▸ Task description
Look through the records below and say how many lines include "linetype". Give only that number.

[Stored records]

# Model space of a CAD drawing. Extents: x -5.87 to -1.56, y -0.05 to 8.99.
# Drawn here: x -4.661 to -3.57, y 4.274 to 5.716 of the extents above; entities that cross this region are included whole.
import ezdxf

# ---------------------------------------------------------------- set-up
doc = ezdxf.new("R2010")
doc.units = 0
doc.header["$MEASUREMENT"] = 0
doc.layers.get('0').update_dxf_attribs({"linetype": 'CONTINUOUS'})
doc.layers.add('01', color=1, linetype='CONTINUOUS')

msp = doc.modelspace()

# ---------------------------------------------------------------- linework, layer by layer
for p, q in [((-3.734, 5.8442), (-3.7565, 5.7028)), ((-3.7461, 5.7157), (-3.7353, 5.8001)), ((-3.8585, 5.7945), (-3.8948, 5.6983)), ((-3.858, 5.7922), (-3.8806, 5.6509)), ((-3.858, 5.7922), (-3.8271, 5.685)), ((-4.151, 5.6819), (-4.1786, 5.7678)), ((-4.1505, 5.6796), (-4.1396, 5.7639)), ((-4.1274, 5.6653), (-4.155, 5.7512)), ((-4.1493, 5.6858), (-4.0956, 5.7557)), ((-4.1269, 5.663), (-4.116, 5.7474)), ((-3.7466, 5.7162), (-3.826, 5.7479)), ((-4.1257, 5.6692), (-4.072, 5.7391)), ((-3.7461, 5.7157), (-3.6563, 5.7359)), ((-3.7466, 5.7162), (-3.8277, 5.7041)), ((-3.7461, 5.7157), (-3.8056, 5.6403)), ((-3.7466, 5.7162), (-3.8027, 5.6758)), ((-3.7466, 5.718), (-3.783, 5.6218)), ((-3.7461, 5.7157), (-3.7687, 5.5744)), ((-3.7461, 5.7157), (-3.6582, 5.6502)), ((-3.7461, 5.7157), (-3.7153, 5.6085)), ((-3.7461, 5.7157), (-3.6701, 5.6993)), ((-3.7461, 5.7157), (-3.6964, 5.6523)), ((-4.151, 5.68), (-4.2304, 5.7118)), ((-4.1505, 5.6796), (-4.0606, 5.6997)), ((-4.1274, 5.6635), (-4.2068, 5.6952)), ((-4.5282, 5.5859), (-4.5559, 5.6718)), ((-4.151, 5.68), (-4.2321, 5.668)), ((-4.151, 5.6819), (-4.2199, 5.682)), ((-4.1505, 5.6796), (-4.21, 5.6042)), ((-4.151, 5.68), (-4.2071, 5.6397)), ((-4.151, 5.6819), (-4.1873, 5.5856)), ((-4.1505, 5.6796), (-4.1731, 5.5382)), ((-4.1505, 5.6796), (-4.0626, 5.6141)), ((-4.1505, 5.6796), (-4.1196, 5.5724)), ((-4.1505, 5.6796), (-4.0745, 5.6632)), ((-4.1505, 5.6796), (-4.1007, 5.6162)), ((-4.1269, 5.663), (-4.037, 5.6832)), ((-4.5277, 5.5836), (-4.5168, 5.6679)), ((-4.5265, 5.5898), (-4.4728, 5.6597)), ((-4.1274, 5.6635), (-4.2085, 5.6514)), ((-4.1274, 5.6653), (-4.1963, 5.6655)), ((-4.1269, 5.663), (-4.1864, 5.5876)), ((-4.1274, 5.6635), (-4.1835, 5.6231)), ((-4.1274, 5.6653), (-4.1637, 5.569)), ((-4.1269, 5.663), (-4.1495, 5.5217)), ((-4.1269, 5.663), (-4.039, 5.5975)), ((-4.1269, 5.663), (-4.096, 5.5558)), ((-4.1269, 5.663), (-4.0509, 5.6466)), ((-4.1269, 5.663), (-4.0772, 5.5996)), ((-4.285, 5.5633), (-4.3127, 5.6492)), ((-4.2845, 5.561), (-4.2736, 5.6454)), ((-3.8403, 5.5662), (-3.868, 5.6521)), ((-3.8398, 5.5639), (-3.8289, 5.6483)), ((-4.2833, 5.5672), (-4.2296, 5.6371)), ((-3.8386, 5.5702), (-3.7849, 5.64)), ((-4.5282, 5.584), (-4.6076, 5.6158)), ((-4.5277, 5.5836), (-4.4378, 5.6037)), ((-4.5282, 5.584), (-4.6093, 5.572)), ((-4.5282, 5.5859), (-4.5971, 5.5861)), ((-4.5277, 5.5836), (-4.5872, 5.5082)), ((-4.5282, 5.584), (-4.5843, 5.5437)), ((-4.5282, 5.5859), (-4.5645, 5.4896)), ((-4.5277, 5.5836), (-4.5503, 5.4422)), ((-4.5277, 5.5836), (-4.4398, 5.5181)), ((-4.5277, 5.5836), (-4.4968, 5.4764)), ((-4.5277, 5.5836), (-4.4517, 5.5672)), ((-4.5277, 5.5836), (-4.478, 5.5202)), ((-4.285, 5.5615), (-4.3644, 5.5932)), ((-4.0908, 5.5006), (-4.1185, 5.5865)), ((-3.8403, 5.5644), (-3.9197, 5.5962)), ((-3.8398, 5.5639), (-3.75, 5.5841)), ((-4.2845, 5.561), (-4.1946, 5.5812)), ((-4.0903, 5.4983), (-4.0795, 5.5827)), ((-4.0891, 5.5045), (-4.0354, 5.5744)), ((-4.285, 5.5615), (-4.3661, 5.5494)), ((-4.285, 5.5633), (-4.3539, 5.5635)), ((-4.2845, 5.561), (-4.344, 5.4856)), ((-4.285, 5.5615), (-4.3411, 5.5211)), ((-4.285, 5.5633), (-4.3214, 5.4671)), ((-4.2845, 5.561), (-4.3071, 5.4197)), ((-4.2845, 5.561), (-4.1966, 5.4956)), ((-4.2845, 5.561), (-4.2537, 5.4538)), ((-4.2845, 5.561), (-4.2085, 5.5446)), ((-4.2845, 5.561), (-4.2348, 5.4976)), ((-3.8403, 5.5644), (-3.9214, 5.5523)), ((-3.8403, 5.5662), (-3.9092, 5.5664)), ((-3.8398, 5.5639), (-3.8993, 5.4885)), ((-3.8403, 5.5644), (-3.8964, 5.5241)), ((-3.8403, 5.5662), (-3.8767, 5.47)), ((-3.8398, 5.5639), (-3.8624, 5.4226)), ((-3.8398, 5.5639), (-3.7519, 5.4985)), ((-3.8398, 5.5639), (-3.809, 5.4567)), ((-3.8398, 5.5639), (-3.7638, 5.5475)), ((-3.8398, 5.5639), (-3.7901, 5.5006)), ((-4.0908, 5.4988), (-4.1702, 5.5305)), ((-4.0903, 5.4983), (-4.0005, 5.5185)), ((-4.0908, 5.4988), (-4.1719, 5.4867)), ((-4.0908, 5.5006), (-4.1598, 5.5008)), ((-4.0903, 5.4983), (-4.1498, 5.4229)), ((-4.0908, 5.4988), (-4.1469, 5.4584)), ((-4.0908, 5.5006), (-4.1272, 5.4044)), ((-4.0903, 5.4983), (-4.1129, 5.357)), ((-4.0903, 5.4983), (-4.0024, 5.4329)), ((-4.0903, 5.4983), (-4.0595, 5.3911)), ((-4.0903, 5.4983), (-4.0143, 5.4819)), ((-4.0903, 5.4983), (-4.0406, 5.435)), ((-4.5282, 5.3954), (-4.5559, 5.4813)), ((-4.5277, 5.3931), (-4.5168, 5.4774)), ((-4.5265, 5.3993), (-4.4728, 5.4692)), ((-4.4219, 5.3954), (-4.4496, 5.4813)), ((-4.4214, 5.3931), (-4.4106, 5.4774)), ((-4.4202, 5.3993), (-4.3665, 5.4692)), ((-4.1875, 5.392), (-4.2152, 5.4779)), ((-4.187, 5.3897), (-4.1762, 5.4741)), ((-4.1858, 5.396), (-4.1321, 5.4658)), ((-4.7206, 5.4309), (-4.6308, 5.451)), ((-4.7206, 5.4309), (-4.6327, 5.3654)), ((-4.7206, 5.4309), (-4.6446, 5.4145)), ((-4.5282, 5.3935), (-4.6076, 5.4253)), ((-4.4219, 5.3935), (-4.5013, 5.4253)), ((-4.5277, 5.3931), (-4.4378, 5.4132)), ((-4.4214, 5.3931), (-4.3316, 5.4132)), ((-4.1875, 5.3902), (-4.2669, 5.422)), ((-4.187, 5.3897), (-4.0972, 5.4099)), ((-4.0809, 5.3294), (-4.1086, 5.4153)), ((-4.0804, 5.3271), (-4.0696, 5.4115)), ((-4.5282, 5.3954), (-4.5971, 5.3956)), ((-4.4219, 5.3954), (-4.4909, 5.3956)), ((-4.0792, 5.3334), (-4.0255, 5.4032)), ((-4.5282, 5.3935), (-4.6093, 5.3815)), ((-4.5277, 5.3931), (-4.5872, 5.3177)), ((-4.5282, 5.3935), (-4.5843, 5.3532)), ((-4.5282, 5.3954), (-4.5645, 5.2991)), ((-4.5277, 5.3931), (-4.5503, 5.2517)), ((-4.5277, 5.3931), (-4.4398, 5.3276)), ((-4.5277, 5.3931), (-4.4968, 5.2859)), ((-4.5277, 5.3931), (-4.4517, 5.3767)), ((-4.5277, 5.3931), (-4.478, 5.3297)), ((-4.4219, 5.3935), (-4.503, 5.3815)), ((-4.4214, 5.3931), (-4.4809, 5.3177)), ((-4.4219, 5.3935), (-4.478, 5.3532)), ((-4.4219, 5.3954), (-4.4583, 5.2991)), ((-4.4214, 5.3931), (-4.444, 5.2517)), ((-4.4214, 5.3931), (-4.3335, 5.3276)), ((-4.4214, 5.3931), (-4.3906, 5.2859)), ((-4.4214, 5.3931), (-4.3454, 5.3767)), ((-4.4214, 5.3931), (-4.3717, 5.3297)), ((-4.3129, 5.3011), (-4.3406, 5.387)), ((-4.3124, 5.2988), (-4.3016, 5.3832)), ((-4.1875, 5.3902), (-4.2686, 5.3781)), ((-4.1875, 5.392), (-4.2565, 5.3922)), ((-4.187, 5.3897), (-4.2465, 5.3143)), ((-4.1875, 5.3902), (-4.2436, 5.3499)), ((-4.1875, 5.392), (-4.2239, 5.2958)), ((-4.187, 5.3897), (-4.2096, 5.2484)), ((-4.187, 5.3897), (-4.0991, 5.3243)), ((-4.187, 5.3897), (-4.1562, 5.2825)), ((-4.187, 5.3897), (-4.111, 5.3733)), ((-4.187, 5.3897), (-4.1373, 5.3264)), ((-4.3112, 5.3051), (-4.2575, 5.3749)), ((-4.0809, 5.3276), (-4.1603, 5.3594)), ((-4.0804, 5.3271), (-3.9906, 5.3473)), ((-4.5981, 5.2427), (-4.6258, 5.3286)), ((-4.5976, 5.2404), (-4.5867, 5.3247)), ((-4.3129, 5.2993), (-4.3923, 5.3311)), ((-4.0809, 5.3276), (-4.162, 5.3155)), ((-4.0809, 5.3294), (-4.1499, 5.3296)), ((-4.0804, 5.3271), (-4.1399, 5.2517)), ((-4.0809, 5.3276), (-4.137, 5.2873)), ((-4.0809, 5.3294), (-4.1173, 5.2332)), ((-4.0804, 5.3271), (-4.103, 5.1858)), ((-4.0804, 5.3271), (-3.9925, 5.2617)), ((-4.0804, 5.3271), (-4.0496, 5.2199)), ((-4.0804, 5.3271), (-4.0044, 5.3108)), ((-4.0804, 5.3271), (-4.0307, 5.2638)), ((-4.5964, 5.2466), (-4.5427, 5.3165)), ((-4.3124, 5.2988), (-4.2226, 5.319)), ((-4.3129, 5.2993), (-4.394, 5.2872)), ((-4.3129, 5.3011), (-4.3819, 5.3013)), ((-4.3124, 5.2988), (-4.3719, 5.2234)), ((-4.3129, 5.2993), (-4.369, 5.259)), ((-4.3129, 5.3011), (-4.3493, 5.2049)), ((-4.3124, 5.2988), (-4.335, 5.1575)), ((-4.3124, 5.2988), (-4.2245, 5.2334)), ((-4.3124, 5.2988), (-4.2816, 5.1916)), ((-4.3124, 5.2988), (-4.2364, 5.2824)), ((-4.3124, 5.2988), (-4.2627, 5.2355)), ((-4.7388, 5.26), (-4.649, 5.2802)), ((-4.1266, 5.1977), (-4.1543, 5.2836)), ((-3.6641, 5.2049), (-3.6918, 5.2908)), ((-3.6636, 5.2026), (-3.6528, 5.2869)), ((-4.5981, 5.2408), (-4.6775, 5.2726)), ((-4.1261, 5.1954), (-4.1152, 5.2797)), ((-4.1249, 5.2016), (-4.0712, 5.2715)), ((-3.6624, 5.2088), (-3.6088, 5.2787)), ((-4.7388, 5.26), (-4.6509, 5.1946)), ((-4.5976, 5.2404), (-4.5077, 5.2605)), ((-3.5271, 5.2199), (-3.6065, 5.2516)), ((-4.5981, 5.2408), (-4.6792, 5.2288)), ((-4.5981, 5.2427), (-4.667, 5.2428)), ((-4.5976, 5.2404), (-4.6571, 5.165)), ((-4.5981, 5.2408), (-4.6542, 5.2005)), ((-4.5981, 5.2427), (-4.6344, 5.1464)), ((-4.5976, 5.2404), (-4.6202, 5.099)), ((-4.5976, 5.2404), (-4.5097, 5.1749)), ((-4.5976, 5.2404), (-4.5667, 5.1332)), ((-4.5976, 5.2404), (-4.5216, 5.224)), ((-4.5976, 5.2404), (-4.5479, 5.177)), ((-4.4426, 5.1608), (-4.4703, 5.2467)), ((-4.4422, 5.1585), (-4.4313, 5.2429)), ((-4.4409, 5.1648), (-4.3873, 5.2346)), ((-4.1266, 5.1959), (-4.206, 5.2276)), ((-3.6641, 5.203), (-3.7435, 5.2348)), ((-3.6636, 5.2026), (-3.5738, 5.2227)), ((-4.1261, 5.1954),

▸ Result of the task
2